> [About this task]:
For the data below, restate word for word only the lines from the line containing "Title: Y Idler Right" through the line containing "9. YAxisBeltIdlerSpacer:2 — Mate:61, Mate:65", both ends included.

> [Material shown]:
-- Opening Marker --

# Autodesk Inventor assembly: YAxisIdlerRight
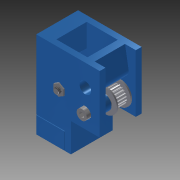
[picture p0: Inventor's stored thumbnail of the model, 180x180]
Saved by Autodesk Inventor 2015 SP1 (Build 190203100, 203)
## iProperties
Created: 2014-08-16
Part Number: YAxisIdlerRight
Document SubType Name: Assembly
Designer: Jack
Mass: 54.9534 g
Surface Area: 257.859 cm^2
Volume: 35.9784 cm^3
Density: 1.5274 g/cm^3
Author: Jack
Title: Y Idler Right
## Documents named in this file (11)
- C:\Users\Jack\ownCloud\Projects\CrossBot\InventorModel\YAxis\YAxisIdlerRight.iam
- C:\Users\Jack\ownCloud\Projects\CrossBot\InventorModel\YAxis\YAxisIdler\YIdlerCapRight.ipt
- C:\Users\Jack\ownCloud\Projects\CrossBot\InventorModel\Hardware\Bolts\SHCS\SHCS4\SHCS4x30.ipt
- C:\Users\Jack\ownCloud\Projects\CrossBot\InventorModel\Hardware\Nuts\Nut4.ipt
- C:\Users\Jack\ownCloud\Projects\CrossBot\InventorModel\Hardware\Bolts\SHCS\SHCS4\SHCS4x15.ipt
- C:\Users\Jack\ownCloud\Projects\CrossBot\InventorModel\Hardware\Wahsers\M4Washer.ipt
- C:\Users\Jack\ownCloud\Projects\CrossBot\InventorModel\Hardware\Belt\GT2Idler.iam
- C:\Users\Jack\ownCloud\Projects\CrossBot\InventorModel\YAxis\YAxisBeltIdlerSpacer.ipt
- C:\Users\Jack\ownCloud\Projects\CrossBot\InventorModel\Hardware\Bolts\FHS\FHS4\FHS4x8.ipt
- C:\Users\Jack\ownCloud\Projects\CrossBot\InventorModel\Hardware\Bolts\SHCS\SHCS4\SHCS4x8.ipt
- C:\Users\Jack\ownCloud\Projects\CrossBot\InventorModel\YAxis\YAxisIdler\YIdlerBlockRight.ipt
## Components (21 placed, 10 different names)
1. YIdlerCapRight:1 — Mate:18, Mate:15, Mate:17, Mate:16, Mate:77
2. M4Washer:1 — Mate:58, Mate:81, Mate:82
3. M4Washer:2 — Mate:35, Mate:60, Mate:85
4. M4Washer:3 — Mate:36, Mate:65, Mate:83
5. M4Washer:4 — Mate:64, Mate:80, Mate:84
6. GT2Idler:1 [sub-assembly] — Mate:50, Mate:82, Mate:85
7. GT2Idler:2 [sub-assembly] — Mate:54, Mate:83, Mate:84
8. YAxisBeltIdlerSpacer:1 — Mate:59, Mate:60
9. YAxisBeltIdlerSpacer:2 — Mate:61, Mate:65
10. YIdlerBlockRight:1 — Mate:62, Mate:63, Mate:66, Mate:67, Mate:68, Mate:69, Mate:71, Mate:72, Mate:73, Mate:74, Angle:1, Angle:2, Mate:75, Mate:76, Mate:77, Mate:78, Mate:79, Flush:1, Flush:2, Mate:80, Mate:81, Angle:3, Angle:4
11. SHCS4x30:2 — Mate:13, Mate:35, Mate:50, Mate:58, Mate:59, Mate:66, Mate:67
12. Nut4:2 — Mate:13, Mate:73, Angle:2
13. SHCS4x30:1 — Mate:11, Mate:36, Mate:54, Mate:61, Mate:64, Mate:68, Mate:69
14. Nut4:1 — Mate:11, Mate:74, Angle:1
15. FHS4x8:2 — Mate:79, Flush:1
16. SHCS4x8:1 — Mate:71, Mate:72
17. FHS4x8:1 — Mate:78, Flush:2
18. SHCS4x15:1 — Mate:18, Mate:15, Mate:19, Mate:75
19. SHCS4x15:2 — Mate:17, Mate:16, Mate:20, Mate:76
20. Nut4:3 — Mate:19, Mate:62, Angle:4
21. Nut4:4 — Mate:20, Mate:63, Angle:3
## Relationships (45: Mate 39, Angle 4, Flush 2)
- Mate:11: SHCS4x30:1 ↔ Nut4:1
- Mate:13: SHCS4x30:2 ↔ Nut4:2
- Mate:18: YIdlerCapRight:1 ↔ SHCS4x15:1
- Mate:15: YIdlerCapRight:1 ↔ SHCS4x15:1
- Mate:17: YIdlerCapRight:1 ↔ SHCS4x15:2
- Mate:16: YIdlerCapRight:1 ↔ SHCS4x15:2
- Mate:19: SHCS4x15:1 ↔ Nut4:3
- Mate:20: SHCS4x15:2 ↔ Nut4:4
- Mate:35: M4Washer:2 ↔ SHCS4x30:2
- Mate:36: M4Washer:3 ↔ SHCS4x30:1
- Mate:50: GT2Idler:1 ↔ SHCS4x30:2
- Mate:54: GT2Idler:2 ↔ SHCS4x30:1
- Mate:58: M4Washer:1 ↔ SHCS4x30:2
- Mate:59: YAxisBeltIdlerSpacer:1 ↔ SHCS4x30:2
- Mate:60: M4Washer:2 ↔ YAxisBeltIdlerSpacer:1
- Mate:61: YAxisBeltIdlerSpacer:2 ↔ SHCS4x30:1
- Mate:62: YIdlerBlockRight:1 ↔ Nut4:3
- Mate:63: YIdlerBlockRight:1 ↔ Nut4:4
- Mate:64: M4Washer:4 ↔ SHCS4x30:1
- Mate:65: M4Washer:3 ↔ YAxisBeltIdlerSpacer:2
- Mate:66: YIdlerBlockRight:1 ↔ SHCS4x30:2
- Mate:67: YIdlerBlockRight:1 ↔ SHCS4x30:2
- Mate:68: YIdlerBlockRight:1 ↔ SHCS4x30:1
- Mate:69: YIdlerBlockRight:1 ↔ SHCS4x30:1
- Mate:71: YIdlerBlockRight:1 ↔ SHCS4x8:1
- Mate:72: YIdlerBlockRight:1 ↔ SHCS4x8:1
- Mate:73: YIdlerBlockRight:1 ↔ Nut4:2
- Mate:74: YIdlerBlockRight:1 ↔ Nut4:1
- Angle:1 (0 deg): YIdlerBlockRight:1 ↔ Nut4:1
- Angle:2 (0 deg): YIdlerBlockRight:1 ↔ Nut4:2
- Mate:75: YIdlerBlockRight:1 ↔ SHCS4x15:1
- Mate:76: YIdlerBlockRight:1 ↔ SHCS4x15:2
- Mate:77: YIdlerCapRight:1 ↔ YIdlerBlockRight:1
- Mate:78: YIdlerBlockRight:1 ↔ FHS4x8:1
- Mate:79: YIdlerBlockRight:1 ↔ FHS4x8:2
- Flush:1: YIdlerBlockRight:1 ↔ FHS4x8:2
- Flush:2: YIdlerBlockRight:1 ↔ FHS4x8:1
- Mate:80: M4Washer:4 ↔ YIdlerBlockRight:1
- Mate:81: M4Washer:1 ↔ YIdlerBlockRight:1
- Mate:82: M4Washer:1 ↔ GT2Idler:1
- Mate:83: M4Washer:3 ↔ GT2Idler:2
- Mate:84: M4Washer:4 ↔ GT2Idler:2
- Mate:85: M4Washer:2 ↔ GT2Idler:1
- Angle:3 (0 deg): YIdlerBlockRight:1 ↔ Nut4:4
- Angle:4 (0 deg): YIdlerBlockRight:1 ↔ Nut4:3

-- Closing Marker --

> [Exercise response]:
Title: Y Idler Right
## Documents named in this file (11)
- C:\Users\Jack\ownCloud\Projects\CrossBot\InventorModel\YAxis\YAxisIdlerRight.iam
- C:\Users\Jack\ownCloud\Projects\CrossBot\InventorModel\YAxis\YAxisIdler\YIdlerCapRight.ipt
- C:\Users\Jack\ownCloud\Projects\CrossBot\InventorModel\Hardware\Bolts\SHCS\SHCS4\SHCS4x30.ipt
- C:\Users\Jack\ownCloud\Projects\CrossBot\InventorModel\Hardware\Nuts\Nut4.ipt
- C:\Users\Jack\ownCloud\Projects\CrossBot\InventorModel\Hardware\Bolts\SHCS\SHCS4\SHCS4x15.ipt
- C:\Users\Jack\ownCloud\Projects\CrossBot\InventorModel\Hardware\Wahsers\M4Washer.ipt
- C:\Users\Jack\ownCloud\Projects\CrossBot\InventorModel\Hardware\Belt\GT2Idler.iam
- C:\Users\Jack\ownCloud\Projects\CrossBot\InventorModel\YAxis\YAxisBeltIdlerSpacer.ipt
- C:\Users\Jack\ownCloud\Projects\CrossBot\InventorModel\Hardware\Bolts\FHS\FHS4\FHS4x8.ipt
- C:\Users\Jack\ownCloud\Projects\CrossBot\InventorModel\Hardware\Bolts\SHCS\SHCS4\SHCS4x8.ipt
- C:\Users\Jack\ownCloud\Projects\CrossBot\InventorModel\YAxis\YAxisIdler\YIdlerBlockRight.ipt
## Components (21 placed, 10 different names)
1. YIdlerCapRight:1 — Mate:18, Mate:15, Mate:17, Mate:16, Mate:77
2. M4Washer:1 — Mate:58, Mate:81, Mate:82
3. M4Washer:2 — Mate:35, Mate:60, Mate:85
4. M4Washer:3 — Mate:36, Mate:65, Mate:83
5. M4Washer:4 — Mate:64, Mate:80, Mate:84
6. GT2Idler:1 [sub-assembly] — Mate:50, Mate:82, Mate:85
7. GT2Idler:2 [sub-assembly] — Mate:54, Mate:83, Mate:84
8. YAxisBeltIdlerSpacer:1 — Mate:59, Mate:60
9. YAxisBeltIdlerSpacer:2 — Mate:61, Mate:65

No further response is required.